Hope you guys get better soon I just got over the flu.


----------



## Shattered (Feb 13, 2008)

I had the same problem, I found that beer and wine made me feel better and drowsy. 

I'm sorry to hear you're both sick, my two kids just got over some bug that was going around. Why is it that when kids are sick, it's the parents who don't sleep?


----------



## Sunstar (Jul 29, 2008)

I did finally sleep 4 hours tihs morning, but it sucks


----------



## Katalyst (Jul 29, 2007)

Sunstar said:


> I have sneeeezes and sniffles and irritations. could be allergies, could be cold. took nyquill.

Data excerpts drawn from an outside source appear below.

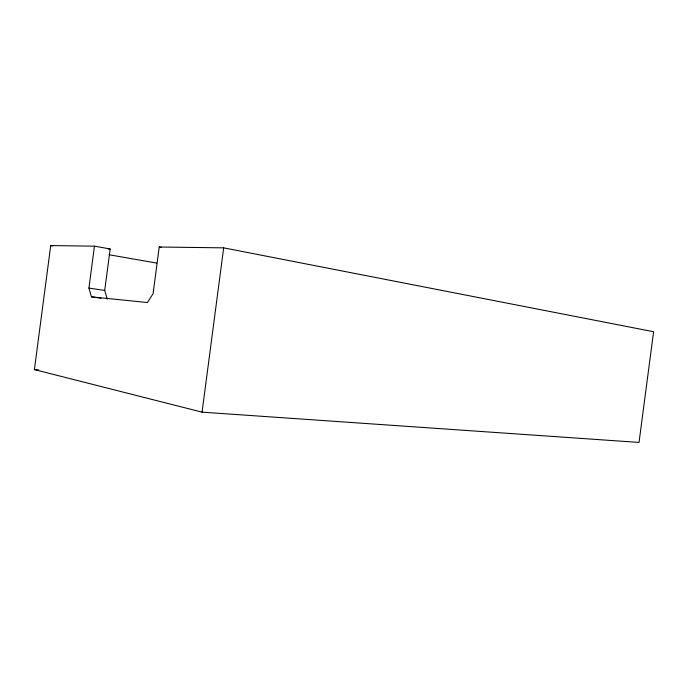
<?xml version="1.0" encoding="UTF-8"?>
<svg xmlns="http://www.w3.org/2000/svg" width="688" height="688" viewBox="0 0 688 688"><rect width="100%" height="100%" fill="white"/><g stroke="black" fill="none" stroke-linecap="round" stroke-linejoin="round"><path stroke-width="1.03" d="M94.445 246.158L88.924 288.091L91.444 296.846L147.438 302.539L153.089 293.656L159.229 247.009L223.686 247.852L653.6 331.728L639.032 442.418L202.048 412.155L34.4 369.585L50.723 245.582L94.445 246.158L110.175 248.97L104.714 290.448L107.302 299.125M202.048 412.155L223.686 247.852M108.059 248.936L110.175 248.97M34.4 369.585L38.683 369.972M91.444 296.846L100.955 298.214M88.924 288.091L104.714 290.448M50.723 245.582L52.838 245.951M109.117 254.766L156.692 263.074M159.229 247.009L161.319 247.396"/></g></svg>
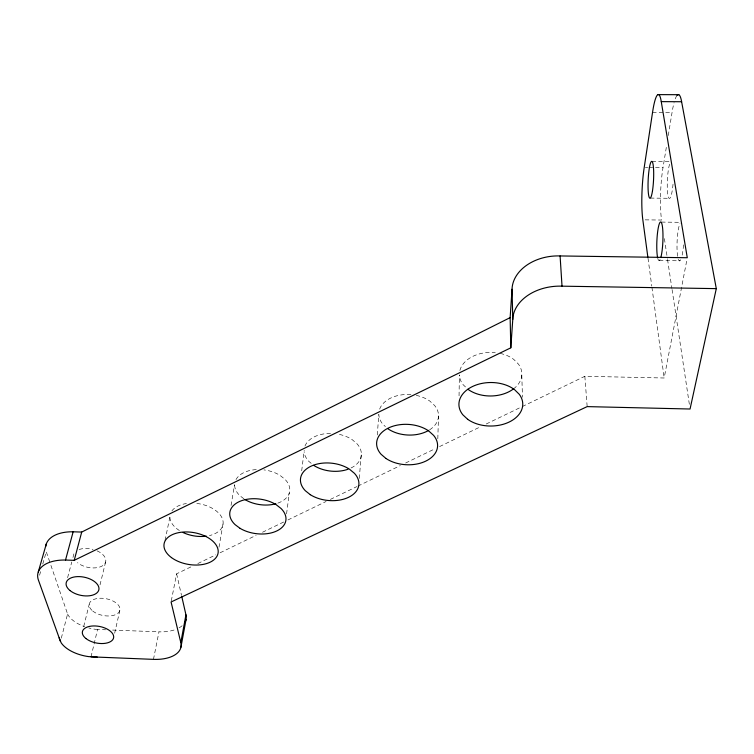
<?xml version="1.0" encoding="UTF-8"?>
<svg xmlns="http://www.w3.org/2000/svg" width="754" height="754" viewBox="0 0 754 754"><rect width="100%" height="100%" fill="white"/><g stroke="black" fill="none" stroke-linecap="round" stroke-linejoin="round"><path stroke-width="0.57" stroke-dasharray="3.77 2.83" d="M459.054 395.822L459.384 375.04M437.81 438.8L438.508 415.831M377.292 434.964L378.81 414.389A29.877 20.264 3 0 0 383.107 424.53L385.426 426.585M359.281 478.413L361.364 453.437M301.694 470.769L304.22 450.411M286.567 513.87L289.3 492.918M645.179 219.857L661.607 220.045A37.427 5.9 -87.2 0 1 663.02 167.548L666.772 144.683M668.27 135.532L672.021 112.666A39.236 6.324 -86.7 0 1 674.095 102.582M231.054 505.425L234.579 484.52M218.999 547.253L223.146 523.135M522.286 406.557L584.84 376.293L664.17 377.999L687.064 258.895M171.299 600.863L176.606 573.822L191.45 566.64M153.467 659.364L158.971 631.843A32.299 17.738 9.9 0 0 176.153 629.27M165.051 540.354L170.3 515.142M114.646 633.247L119.924 610.014M91.017 656.847L97.549 629.477L105.654 629.788M100.018 584.916L105.767 561.325M83.732 626.442L89.208 604.34M61.31 638.167L67.587 614.001L50.443 563.973M67.596 577.687L71.771 561.975M72.968 557.489L73.562 555.246A16.399 9.321 12.1 0 1 74.401 552.936M39.566 575.264L40.839 570.778M42.752 564.058L46.258 551.74L50.066 562.861M197.812 563.558L215.833 554.84M220.074 552.786L256.134 535.34M262.496 532.258L283.702 522.004M287.943 519.949L326.114 501.476M330.356 499.421L356.868 486.603M357.924 486.085L400.336 465.567M405.643 462.994L435.331 448.63M439.573 446.575L480.929 426.566M486.226 424.002L521.221 407.075M652.521 112.572L672.021 112.666M652.021 161.441L670.438 161.592M645.396 167.397L647.752 167.416M648.921 167.426L663.02 167.548M650.334 198.085L669.816 198.293M661.484 222.091L679.75 222.307M659.307 260.507L679.835 260.799M112.61 630.061L158.971 631.843M97.549 629.477L95.24 629.26A29.293 15.834 11.3 0 1 88.831 627.978M243.862 498.762L239.829 495.67A27.747 17.493 8.1 0 1 234.635 484.464M311.195 463.324L308.848 461.401A28.737 18.822 5.9 0 1 304.145 451.91M465.501 386.953L463.201 384.766A31.225 21.8 -0.6 0 1 459.412 375.021M67.587 614.001L68.275 615.339A29.293 15.834 11.3 0 0 84.702 626.706M176.606 573.822L181.535 595.453M664.397 238.594L667.365 258.311M667.535 259.47L671.899 288.452M672.078 289.611L689.363 404.38M648.006 258.207L651.776 286.115M651.927 287.283L664.17 377.999M584.84 376.293L587.168 406.613M521.796 375.228L522.465 397.273M513.446 388.941A31.225 21.8 -0.6 0 0 518.441 364.135L513.766 359.422A31.225 21.8 -0.6 0 0 499.93 353.324M459.893 370.478A31.225 21.8 -0.6 0 1 495.303 352.608M351.025 467.989A28.737 18.822 5.9 0 0 357.01 443.786L352.193 439.657A28.737 18.822 5.9 0 0 338.857 434.295M304.965 446.085A28.737 18.822 5.9 0 1 331.279 433.437M196.813 503.446A26.88 16.258 9.8 0 1 222.345 518.611A26.88 16.258 9.8 0 1 209.433 535.585M179.395 530.533A26.88 16.258 9.8 0 1 169.895 517.008M171.893 510.92A26.88 16.258 9.8 0 1 186.455 503.54M683.529 244.843A19.35 3.308 -87.4 0 1 681.87 256.407M680.73 259.744A19.35 3.308 -87.4 0 1 678.232 259.008M677.639 256.303A19.35 3.308 -87.4 0 1 679.995 223.514M182.138 625.726A32.299 17.738 9.9 0 1 177.143 628.845M97.059 550.844A16.399 9.321 12.1 0 1 102.393 565.858A16.399 9.321 12.1 0 1 77.483 562.663M79.104 549.534A16.399 9.321 12.1 0 1 93.053 549.43M429.639 429.808A29.877 20.264 3 0 0 434.615 405.501L429.846 401.1A29.877 20.264 3 0 0 416.265 395.379M379.648 409.149A29.877 20.264 3 0 1 411.797 394.7M277.84 503.135A27.747 17.493 8.1 0 0 284.984 479.318L280.12 475.454A27.747 17.493 8.1 0 0 263.919 469.883M235.993 479.591A27.747 17.493 8.1 0 1 256.624 469.591M673.02 184.202A18.492 2.959 -87.1 0 1 667.752 194.174A18.492 2.959 -87.1 0 1 669.995 163.062M660.118 259.451A19.321 2.997 -87.6 0 1 657.856 258.716M675.254 98.887A39.236 6.324 -86.7 0 1 677.035 95.428M92.704 610.994A15.627 8.52 11.1 0 0 119.028 612.088A15.627 8.52 11.1 0 0 101.997 598.242A15.627 8.52 11.1 0 0 92.704 610.994"/><path stroke-width="1.13" d="M60.452 641.456L38.294 579.741A36.079 19.981 12.2 0 1 65.523 560.043L74.222 560.335L510.807 347.82L510.138 317.632L512.041 289.253A43.732 32.215 -4.9 0 1 560.09 255.945L687.28 257.736L661.258 101.639L681.616 101.733L716.3 288.631L690.061 409.017L587.168 406.613L171.073 601.984L180.8 642.596A32.865 17.54 9.8 0 1 153.467 659.364L91.017 656.847M510.807 347.82L512.777 319.432L512.041 289.253M180.913 647.271L186.04 619.543M180.8 642.596L185.946 614.812L181.789 596.593M74.222 560.335L81.705 532.07L510.138 317.632M65.523 560.043L73.147 531.796L81.705 532.07M38.275 572.013L46.296 543.936M657.922 94.627L678.779 94.702M97.294 657.102L88.67 656.621A29.802 15.655 11.1 0 1 61.159 642.785L59.151 637.846M512.777 319.432A44.769 32.262 -4.4 0 1 562.022 286.171L716.3 288.631M647.846 257.048L642.832 219.829A37.38 5.363 -87.3 0 1 644.227 167.388L652.521 112.572A39.18 5.749 -86.9 0 1 661.258 101.639M560.09 255.945L562.022 286.171M45.711 546.452A35.429 20.179 12.4 0 1 73.147 531.796M513.446 388.941A31.225 21.8 -0.6 0 1 467.942 389.29M185.946 614.812A32.299 17.738 9.9 0 1 185.267 621.758M428.706 430.383A29.877 20.264 3 0 1 387.905 428.762M348.028 469.242A28.737 18.822 5.9 0 1 313.692 465.369M275.832 503.766A27.747 17.493 8.1 0 1 244.701 499.402M206.332 536.151A26.88 16.258 9.8 0 1 183.147 532.569M657.667 257.943A19.321 2.997 -87.6 0 1 658.025 229.225A19.321 2.997 -87.6 0 1 662.615 228.094A19.321 2.997 -87.6 0 1 660.919 257.142M677.035 95.428A39.236 6.324 -86.7 0 1 681.616 101.733M240.064 528.347L235.078 524.624A28.303 17.37 8 0 1 238.764 501.862A28.303 17.37 8 0 1 276.087 504.633L281.053 508.498A28.303 17.37 8 0 1 276.906 530.891A28.303 17.37 8 0 1 240.064 528.347M310.29 494.69L305.332 490.731A29.331 18.727 5.9 0 1 310.695 466.358A29.331 18.727 5.9 0 1 349.498 469.214L354.437 473.323A29.331 18.727 5.9 0 1 348.593 497.291A29.331 18.727 5.9 0 1 310.29 494.69M385.935 458.451L381.024 454.219A30.518 20.198 3.2 0 1 388.329 428.046A30.518 20.198 3.2 0 1 428.734 430.977L433.607 435.378A30.518 20.198 3.2 0 1 425.812 461.099A30.518 20.198 3.2 0 1 385.935 458.451M467.65 419.29L462.805 414.766A31.922 21.762 -0.3 0 1 472.353 386.585A31.922 21.762 -0.3 0 1 514.492 389.601L519.28 394.314A31.922 21.762 -0.3 0 1 509.233 422.004A31.922 21.762 -0.3 0 1 467.65 419.29M652.512 190.677A18.473 2.686 -87.2 0 0 652.021 161.441A18.473 2.686 -87.2 0 0 648.044 187.237A18.473 2.686 -87.2 0 0 652.512 190.677M85.965 638.553A15.9 8.426 11 0 0 112.742 639.712A15.9 8.426 11 0 0 95.324 625.961A15.9 8.426 11 0 0 85.965 638.553M69.981 590.523A16.701 9.237 11.9 0 0 98.02 591.664A16.701 9.237 11.9 0 0 79.575 576.621A16.701 9.237 11.9 0 0 69.981 590.523M171.469 557.592A27.398 16.136 9.7 0 0 217.133 555.924A27.398 16.136 9.7 0 0 184.626 531.966A27.398 16.136 9.7 0 0 171.469 557.592"/></g></svg>
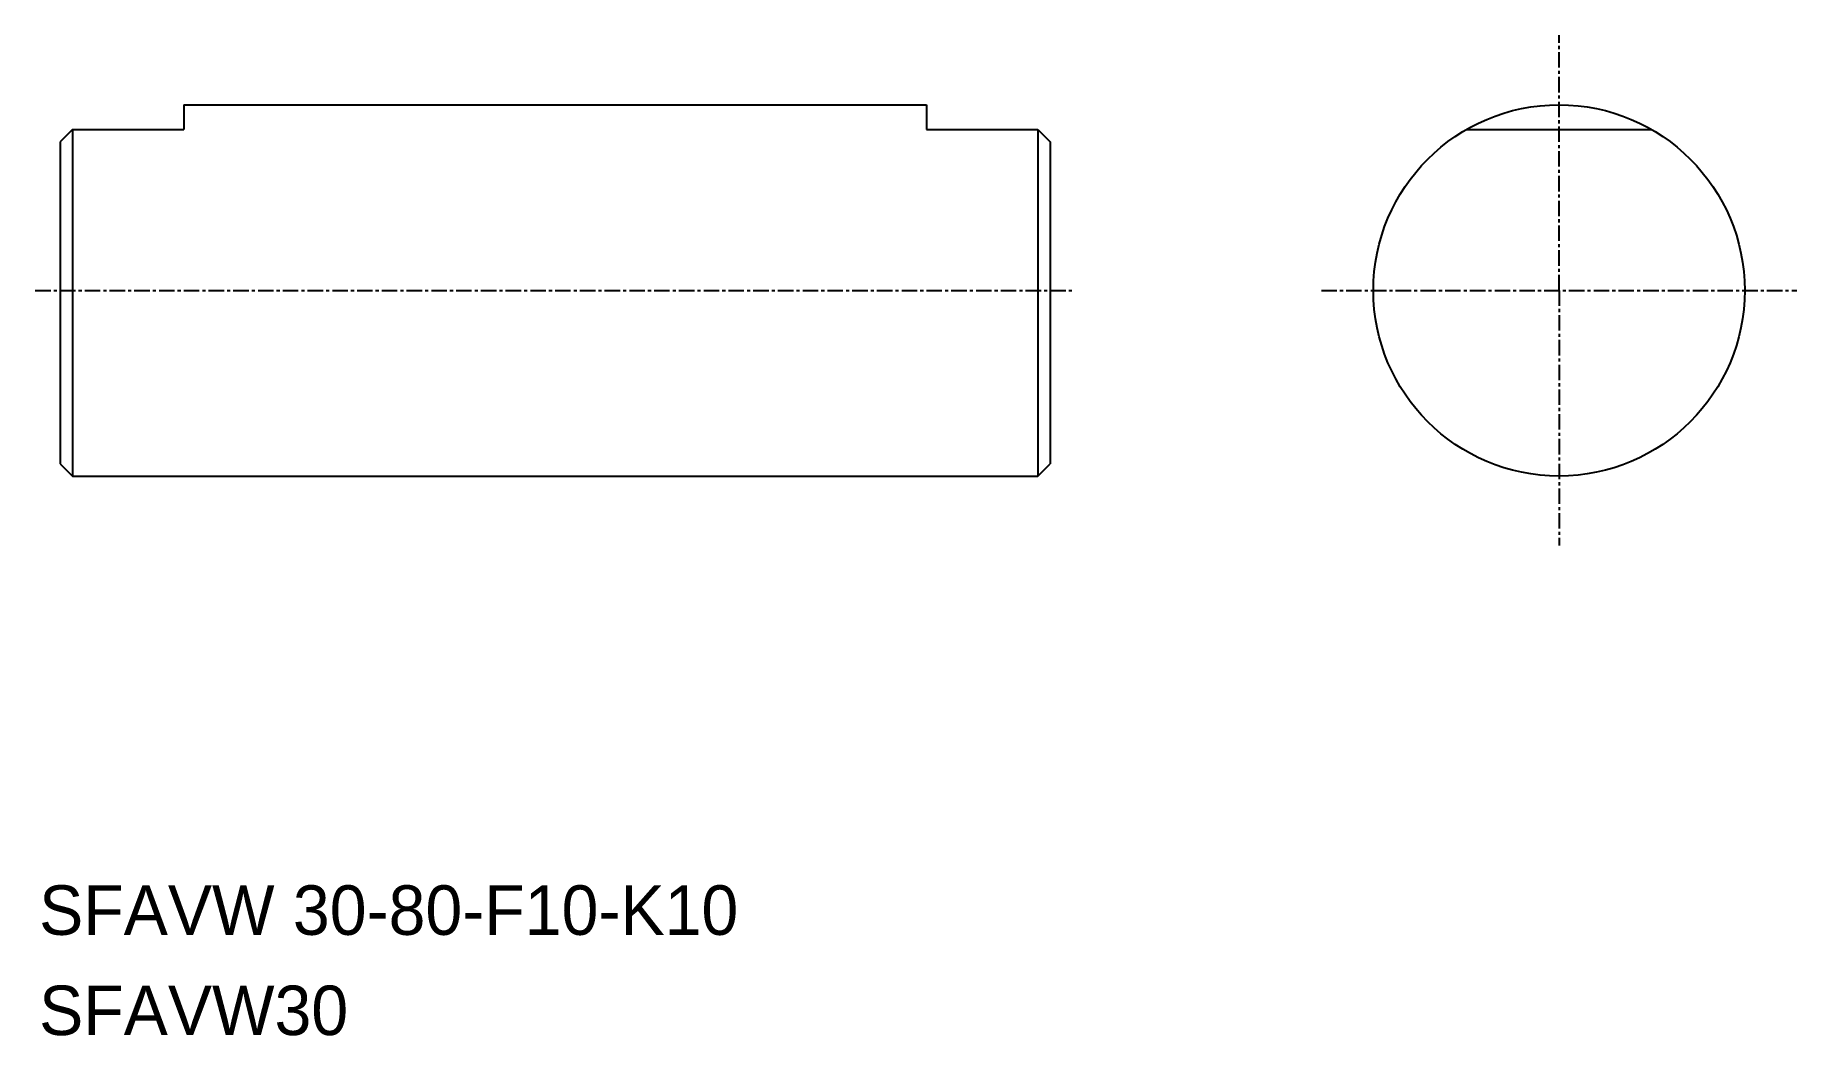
# Model space of a CAD drawing. Extents: x 115 to 258, y 92 to 172.
import ezdxf

# ---------------------------------------------------------------- set-up
doc = ezdxf.new("R2010")
doc.units = 0
doc.linetypes.add('CENTER', pattern=[2, 1.25, -0.25, 0.25, -0.25])
doc.layers.get('0').update_dxf_attribs({"linetype": 'CONTINUOUS'})
doc.layers.add('CENTER', color=1, linetype='CENTER')

msp = doc.modelspace()

# ---------------------------------------------------------------- linework, layer by layer
at = {"color": 7, "linetype": 'CONTINUOUS'}
for p, q in [((127.28, 166.77), (187.28, 166.77)), ((127.28, 166.77), (127.28, 164.77)), ((187.28, 166.77), (187.28, 164.77)), ((118.28, 164.77), (117.28, 163.77)), ((117.28, 163.77), (117.28, 137.77)), ((118.28, 164.77), (118.28, 136.77)), ((118.28, 164.77), (127.28, 164.77)), ((187.28, 164.77), (196.28, 164.77)), ((196.28, 164.77), (196.28, 136.77)), ((196.28, 164.77), (197.28, 163.77)), ((197.28, 163.77), (197.28, 137.77)), ((230.9, 164.77), (245.87, 164.77)), ((197.28, 158.77), (197.28, 158.77)), ((117.28, 137.77), (118.28, 136.77)), ((118.28, 136.77), (196.28, 136.77)), ((196.28, 136.77), (197.28, 137.77))]:
    msp.add_line(p, q, dxfattribs=at)
msp.add_circle((238.38, 151.77), 15, dxfattribs=at)
at = {"layer": 'CENTER', "color": 1, "linetype": 'CENTER'}
for p, q in [((238.38, 151.77), (238.38, 172.39)), ((115.28, 151.77), (199.28, 151.77)), ((219.18, 151.77), (257.59, 151.77)), ((238.38, 151.77), (238.38, 131.15))]:
    msp.add_line(p, q, dxfattribs=at)

# ---------------------------------------------------------------- texts
at = {"color": 7, "linetype": 'CONTINUOUS'}
for s, p in [('SFAVW 30-80-F10-K10', (115.59, 99.7)), ('SFAVW30', (115.59, 91.6))]:
    msp.add_text(s, height=4, dxfattribs=at).set_placement(p)

doc.saveas('drawing.dxf')

BAMP awake.
> 
> Life sucks...when slag that makes you drowsy does the opposite of me.


Me too keeps me wide awake...I can remember being a kid & having sugery and its like the old Bill Cosby joke. Count backwards from 100....5-4-3-2-1 and the doctors and nurses looking baffled. Okay now what do you want me to do?


----------



## redclove (Feb 26, 2008)

I'm with shattered, booze helps, the real trick is to have a stiff one and it will clear you up and help you sleep.


----------



## characinfan (Dec 24, 2008)

Sorry to hear you're not feeling well. I'm of the warm milk and cookies and reading the dictionary school for going to bed when medicine makes me hyper. You might benefit from talking to a pharmacist -- they generally have decent suggestions to make about over the counter medicines and which ones are the least likely to make you feel weird.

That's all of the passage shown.